Die R9 270X ist die bessere Karte, aber halt etwa teurer Wobei die für Deine CPU an sich schon viel zu viel ist, was aber auch bei der 7870 der Fall wäre 

Netzteil: die Tabelle zeigt die Werte für eine ganze Modell-REIHE - du müsstest da irgendwo am Netzeil sehen/rausfinden, welche Version des Netzteiles das ist, also wie viel Watt. Hat es denn solche Stecker für PCIe => http://extreme.pcgameshardware.de/a...6-und-8-pin-anschliessbar-pcie-connectors.jpg  ?

An sich müsste Dir aber schon eine AMD 7770 (90€ ) locker reichen, schon die ist mindesten 5-6 mal schneller als eine 5450. 


Diese Streben beim Board ist ein Kühlkörper - an sich müsste die Karte da drüberpassen, Stell Dir mal vor, Deine aktuelle Karte wäre weiter "unten" - würden die Karte dann über die Kühlerstreben passen, oder würde deren silberfarbender Kühler den Mainboard-Kühler im Wege stehen? Du meinst was von "Zetteldünn"  - bei ner modernen Karte wäre da vermutlich dann das Kühler-Gehäuse "im Weg", wenn überhaupt, und das wäre nicht schlimm, wenn sich das und die Mainboard-Kühlerrippen berühren.

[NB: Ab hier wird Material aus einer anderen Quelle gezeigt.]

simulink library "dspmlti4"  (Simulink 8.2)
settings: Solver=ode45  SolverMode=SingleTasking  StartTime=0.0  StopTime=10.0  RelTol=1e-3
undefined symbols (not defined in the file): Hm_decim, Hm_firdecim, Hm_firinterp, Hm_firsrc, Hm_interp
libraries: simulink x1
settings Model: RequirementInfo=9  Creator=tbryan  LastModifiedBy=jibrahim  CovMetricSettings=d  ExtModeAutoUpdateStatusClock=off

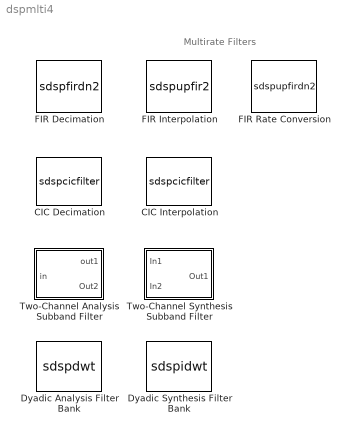
== system dspmlti4 ==
  note: Multirate Filters
  CIC Decimation : S-Function  DialogController=dspdialog.CICDecimation  FunctionName=sdspcicfilter  Parameters=filtFrom,a.ftype,a.R,a.M,a.N,filterInternals,a.section2NWL,a.section2NFL,a.outWL,a.outFL,a.states,framing,1,RateOptions,a.InputWL,a.InputFL  EnableBusSupport=off  mask(CIC Decimation){filtFrom=Dialog, filtobj=Hm_decim, ftype=Decimator, R=2, M=1, N=2, filterInternals=Full precision, BPS=[16 16 16 16], FLPS=0, outputWordLength=32, outputFracLength=0, launchFVT=off, framing=Maintain input frame rate, RateOptions=Enforce single-rate}
      mask prompts: filtFrom "Filter specified via:"; filtobj "Multirate filter variable:"; ftype "Filter structure:"; R "Decimation factor (R):"; M "Differential delay (M):"; N "Number of stages (N):"; filterInternals "Filter internals:"; BPS "Word length for each of the (2*N) filter sections:"; FLPS "Fraction length for each of the (2*N) filter sections:"; outputWordLength "Output word length:"; outputFracLength "Output fraction length:"; launchFVT "Launch Filter Visualization Tool (FVTool)"; RateOptions "Rate options:"
      mask help:
      | Apply a Cascaded Integrator-Comb Decimator filter to the input signal.
      |
      | The inputs and outputs of this block have a signed fixed-point data type with zero bias. You must have a Fixed-Point Designer license to use this block.
      mask init:
      | if filtFrom == 1
      |   str  = dspblkcicfilter('icon',gcbh,filtFrom,'Decimation');
      |   a = dspblkcicfilter('init',gcbh,filtFrom,R,M,N,BPS,FLPS,outputWordLength,outputFracLength,filterInternals);
      | else
      |   str  = dspblkcicfilter('icon',gcbh,filtFrom);
      |   a = dspblkcicfilter('init',gcbh,filtFrom,'Decimation',filtobj);
      | end
      | dspblkcicfilter('initCICDecim',gcbh,filtFrom);
      settings: DeleteFcn=dspLinkFVTool2Mask(gcbh,'close')
      mask Help: eval('blocksethelp');
      mask TypeOptions filtFrom: Dialog | Multirate object in workspace
      mask TypeOptions ftype: Decimator | Zero-latency decimator
      mask TypeOptions filterInternals: Full precision | Minimum section word lengths | Specify word lengths | Binary point scaling
      mask TypeOptions framing: Maintain input frame rate | Maintain input frame size
      mask TypeOptions RateOptions: Enforce single-rate processing | Allow multirate processing | Inherit from input (this choice will be removed - see release notes)
      mask Display: disp(str);
  CIC Interpolation : S-Function  DialogController=dspdialog.CICInterpolation  FunctionName=sdspcicfilter  Parameters=filtFrom,a.ftype,a.R,a.M,a.N,filterInternals,a.section2NWL,a.section2NFL,a.outWL,a.outFL,a.states,framing,InputProcessing,1,a.InputWL, a.InputFL  EnableBusSupport=off  mask(CIC Interpolation){filtFrom=Dialog, filtobj=Hm_interp, ftype=Interpolator, R=2, M=1, N=2, filterInternals=Full precision, BPS=[16 16 16 16], FLPS=0, outputWordLength=32, outputFracLength=0, launchFVT=off, framing=Enforce single-rate, InputProcessing=Columns as channels (frame based)}
      mask prompts: filtFrom "Filter specified via:"; filtobj "Multirate filter variable:"; ftype "Filter structure:"; R "Interpolation factor (R):"; M "Differential delay (M):"; N "Number of stages (N):"; filterInternals "Filter internals:"; BPS "Word length for each of the (2*N) filter stages:"; FLPS "Fraction length for each of the (2*N) filter stages:"; outputWordLength "Output word length:"; outputFracLength "Output fraction length:"; launchFVT "Launch Filter Visualization Tool (FVTool)"; InputProcessing "Input processing:"
      mask help:
      | Apply a Cascaded Integrator-Comb Interpolator filter to the input signal.
      |
      | The inputs and outputs of this block have a signed fixed-point data type with zero bias. You must have a Fixed-Point Designer license to use this block.
      mask init:
      | if filtFrom == 1
      |   str  = dspblkcicfilter('icon',gcbh,filtFrom,'Interpolation');
      |   a = dspblkcicfilter('init',gcbh,filtFrom,R,M,N,BPS,FLPS,outputWordLength,outputFracLength,filterInternals);
      | else
      |   str  = dspblkcicfilter('icon',gcbh,filtFrom);
      |   a = dspblkcicfilter('init',gcbh,filtFrom,'Interpolation',filtobj);
      | end
      | framing = dspblkcicfilter('initCICInterp',gcbh,filtFrom,framing);
      settings: DeleteFcn=dspLinkFVTool2Mask(gcbh,'close')
      mask Help: eval('blocksethelp');
      mask TypeOptions filtFrom: Dialog | Multirate object in workspace
      mask TypeOptions ftype: Interpolator | Zero-latency interpolator
      mask TypeOptions filterInternals: Full precision | Minimum section word lengths | Specify word lengths | Binary point scaling
      mask TypeOptions framing: Enforce single-rate processing | Allow multirate processing | Maintain input frame rate | Maintain input frame size
      mask TypeOptions InputProcessing: Columns as channels (frame based) | Elements as channels (sample based) | Inherited (this choice will be removed - see release notes)
      mask Display: disp(str);
  Dyadic Analysis Filter Bank : S-Function  FunctionName=sdspdwt  Parameters=phl, phh, NumLevels, tree, Output  EnableBusSupport=off  mask(Dyadic Analysis Filter Bank){Wname=User-defined, OrdRec_ordDec=[1 / 1], Order=2, LPF=[0.0352   -0.0854   -0.1350   0.4599   0.8069   0.3327], HPF=[-0.3327    0.8069   -0.4599   -0.1350    0.0854    0.0352], NumLevels=2, tree=Asymmetric, Output=Multiple ports}
      mask prompts: Wname "Filter:"; OrdRec_ordDec "Filter order [synthesis / analysis]:"; Order "Wavelet order:"; LPF "Lowpass FIR filter coefficients:"; HPF "Highpass FIR filter coefficients:"; NumLevels "Number of levels:"; tree "Tree structure:"
      mask help:
      | Compute the Discrete Wavelet Transform or decompose a signal into subbands with smaller bandwidths and slower sample rates. This block uses a filter bank with lowpass and highpass FIR filters that you specify either directly on the block mask, or using wavelets from the Wavelet Toolbox. The lowpass and highpass filters are usually half-band filters designed to complement each other.
      |
      | Inputs are always interpreted as frames. The frame size must be a multiple of 2^n, where you specify n in the 'Number of levels' parameter. When the 'Output' parameter is set to 'Multiple ports', the block outputs each subband from a different port as a vector or matrix. The topmost port outputs the subband with the highest frequency band. When the 'Output' parameter is set to 'Single port', the block outputs one vector or matrix of concatenated subbands.
      mask init:
      | [x,y, str] = dspblkdwt('icon');
      | wname_str = get_param(gcb, 'Wname');
      | OrdRec_ordDec_str = get_param(gcb, 'OrdRec_ordDec');
      | [phl, phh] = dspblkdwt('init', true, LPF, HPF, tree, wname_str, Order, OrdRec_ordDec_str);
      mask Help: eval('blocksethelp');
      mask TypeOptions Wname: User-defined | Haar | Daubechies | Symlets | Coiflets | Biorthogonal | Reverse Biorthogonal | Discrete Meyer
      mask Callback Wname: dspblkdwt
      mask TypeOptions OrdRec_ordDec: [1 / 1] | [1 / 3] | [1 / 5] | [2 / 2] | [2 / 4] | [2 / 6] | [2 / 8] | [3 / 1] | [3 / 3] | [3 / 5] | [3 / 7] | [3 / 9] | [4 / 4] | [5 / 5] | [6 / 8]
      mask TypeOptions tree: Asymmetric | Symmetric
      mask TypeOptions Output: Single port | Multiple ports
      mask Display:
      | plot(x,y)
      | text(0.08,0.1,str)
  Dyadic Synthesis Filter Bank : S-Function  FunctionName=sdspidwt  Parameters=phl, phh, NumLevels, tree, Input  EnableBusSupport=off  mask(Dyadic Synthesis Filter Bank){Wname=User-defined, OrdRec_ordDec=[1 / 1], Order=2, LPF=[0.3327    0.8069    0.4599   -0.1350   -0.0854    0.0352], HPF=[0.0352    0.0854   -0.1350   -0.4599    0.8069   -0.3327], NumLevels=2, tree=Asymmetric, Input=Multiple ports}
      mask prompts: Wname "Filter:"; OrdRec_ordDec "Filter order [synthesis, analysis]:"; Order "Wavelet order:"; LPF "Lowpass FIR filter coefficients:"; HPF "Highpass FIR filter coefficients:"; NumLevels "Number of levels:"; tree "Tree Structure:"
      mask help:
      | Compute the Inverse Discrete Wavelet Transform or reconstruct a signal from subbands with smaller bandwidths and slower sample rates. This block uses a filter bank with lowpass and highpass FIR filters that you specify either directly on the block mask, or using wavelets from the Wavelet Toolbox. The lowpass and highpass filters are usually half-band filters designed to complement each other.
      |
      | When 'Input' is set to 'Multiple ports', you must provide each subband to the block through a different input port as a vector or matrix. You should input the highest frequency band through the topmost port. When 'Input' is set to 'Single port', the block input must be a vector or matrix of concatenated subbands.
      mask init:
      | [x,y,str] = dspblkidwt('icon');
      | wname_str = get_param(gcb, 'Wname');
      | OrdRec_ordDec_str = get_param(gcb, 'OrdRec_ordDec');
      | [phl, phh] = dspblkidwt('init', true, LPF, HPF, tree, wname_str, Order, OrdRec_ordDec_str);
      mask Help: eval('blocksethelp');
      mask TypeOptions Wname: User-defined | Haar | Daubechies | Symlets | Coiflets | Biorthogonal | Reverse Biorthogonal | Discrete Meyer
      mask Callback Wname: dspblkidwt
      mask TypeOptions OrdRec_ordDec: [1 / 1] | [1 / 3] | [1 / 5] | [2 / 2] | [2 / 4] | [2 / 6] | [2 / 8] | [3 / 1] | [3 / 3] | [3 / 5] | [3 / 7] | [3 / 9] | [4 / 4] | [5 / 5] | [6 / 8]
      mask TypeOptions tree: Asymmetric | Symmetric
      mask TypeOptions Input: Single port | Multiple ports
      mask Display:
      | plot(x,y)
      | text(0.08,0.1,str)
  FIR Decimation : S-Function  DialogController=dspdialog.FIRDecimation  DialogControllerArgs=DataTag3  FunctionName=sdspfirdn2  Parameters=a.CoeffSource,a.h,a.D,framing,InputProcessing,inputOffset,a.outBufIC,a.filtStruct,dtInfo.arithmetic,dtInfo.inputWordLength,dtInfo.inputFracLength,firstCoeffMin,firstCoeffMax,outputMin,outputMax,dtInfo.firstCoeffMode,dtInfo.firstCoeffWordLength,dtInfo.firstCoeffFracLength,dtInfo.prodOutputMode,dtInfo.prodOutputWordLength,dtInfo.prodOutputFracLength,dtInfo.accumMode,dtInfo.accumWordLength,dtInfo.accumFracLength,dtInfo.outputMode,dtInfo.outputWordLength,dtInfo.outputFracLength,dtInfo.roundingMode,dtInfo.overflowMode  EnableBusSupport=off  mask(FIR Decimation){h=fir1(35,0.4), D=2, filtStruct=Direct form, framing=Enforce single-rate, inputOffset=0, outputBufInitCond=0, InputProcessing=Columns as channels (frame based), additionalParams=off, allowOverrides=off, firstCoeffMode=Same word length as input, firstCoeffWordLength=16, firstCoeffFracLength=15, firstCoeffDataTypeStr=Inherit: Same word length as input, firstCoeffLastDataTypeStr=Inherit: Same word length as input, firstCoeffMin=[], firstCoeffMax=[], outputMode=Same as accumulator, outputWordLength=16, outputFracLength=15, outputDataTypeStr=Inherit: Same as accumulator, outputLastDataTypeStr=Inherit: Same as accumulator, outputMin=[], outputMax=[], accumMode=Inherit via internal rule, accumWordLength=32, accumFracLength=30, accumDataTypeStr=Inherit: Inherit via internal rule, accumLastDataTypeStr=Inherit: Inherit via internal rule, prodOutputMode=Inherit via internal rule, prodOutputWordLength=32, prodOutputFracLength=30, prodOutputDataTypeStr=Inherit: Inherit via internal rule, prodOutputLastDataTypeStr=Inherit: Inherit via internal rule, roundingMode=Floor, overflowMode=off, LockScale=off, FilterSource=Specify via dialog, FilterObject=Hm_firdecim}
      mask prompts: h "FIR filter coefficients:"; D "Decimation factor:"; filtStruct "Filter structure:"; inputOffset "Input offset:"; outputBufInitCond "Output buffer initial conditions:"; InputProcessing "Input processing:"; additionalParams "--------------- Show additional parameters ---------------"; allowOverrides "Allow overrides from DSP Fixed-Point Attributes blocks"; firstCoeffMode "Fixed-point coefficient attributes:"; firstCoeffWordLength "Coefficient word length:"; firstCoeffFracLength "Coefficient fraction length:"; firstCoeffDataTypeStr "Coefficients data type string:"; firstCoeffLastDataTypeStr "Last coefficients data type string:"; firstCoeffMin "Coefficients minimum:"; firstCoeffMax "Coefficients maximum:"; outputMode "Fixed-point output attributes:"; outputWordLength "Output word length:"; outputFracLength "Output fractional length:"; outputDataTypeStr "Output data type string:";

Vlt fass diese Kühlerrippen mal an, wenn der PC wirklich grad hart am arbeiten ist - sind die sehr heiß?

Zb diese 7870 MSI R7870-2GD5T/OC, Radeon HD 7870 GHz Edition, 2GB GDDR5, DVI, HDMI, 2x Mini DisplayPort (V274-015R) Preisvergleich | Geizhals Deutschland  wenn Du die "eingebaut" vorstellst, dann wird das Plastikgehäuse vlt den Board-Kühler berühren. Diese hier aber wiederum PowerColor Radeon R9 270X OC, 2GB GDDR5, 2x DVI, HDMI, DisplayPort (AXR9 270X 2GBD5-DH/OC) Preisvergleich | Geizhals Deutschland  wäre in dem Bereich quasi "offen", da wäre mehr Raum, und vlt würden die kupferfarbenden Kühler-Rohre er Karte dann den Board-Kühler berühren.


----------



## LordCrash (29. Oktober 2013)

Wenn du wirklich nur ein wenig Zeit überbrücken willst, kannst du dir auch überlegen, eine gebrauchte Grafikkarte auf Ebay oder sonstwo zu kaufen, idealerweise mit Restgarantie. Das ist deutlich günstiger als eine neue und auch wirtschaftlich sinnvoll, wenn du eh in 1-2 Jahren einen komplett neuen PC willst.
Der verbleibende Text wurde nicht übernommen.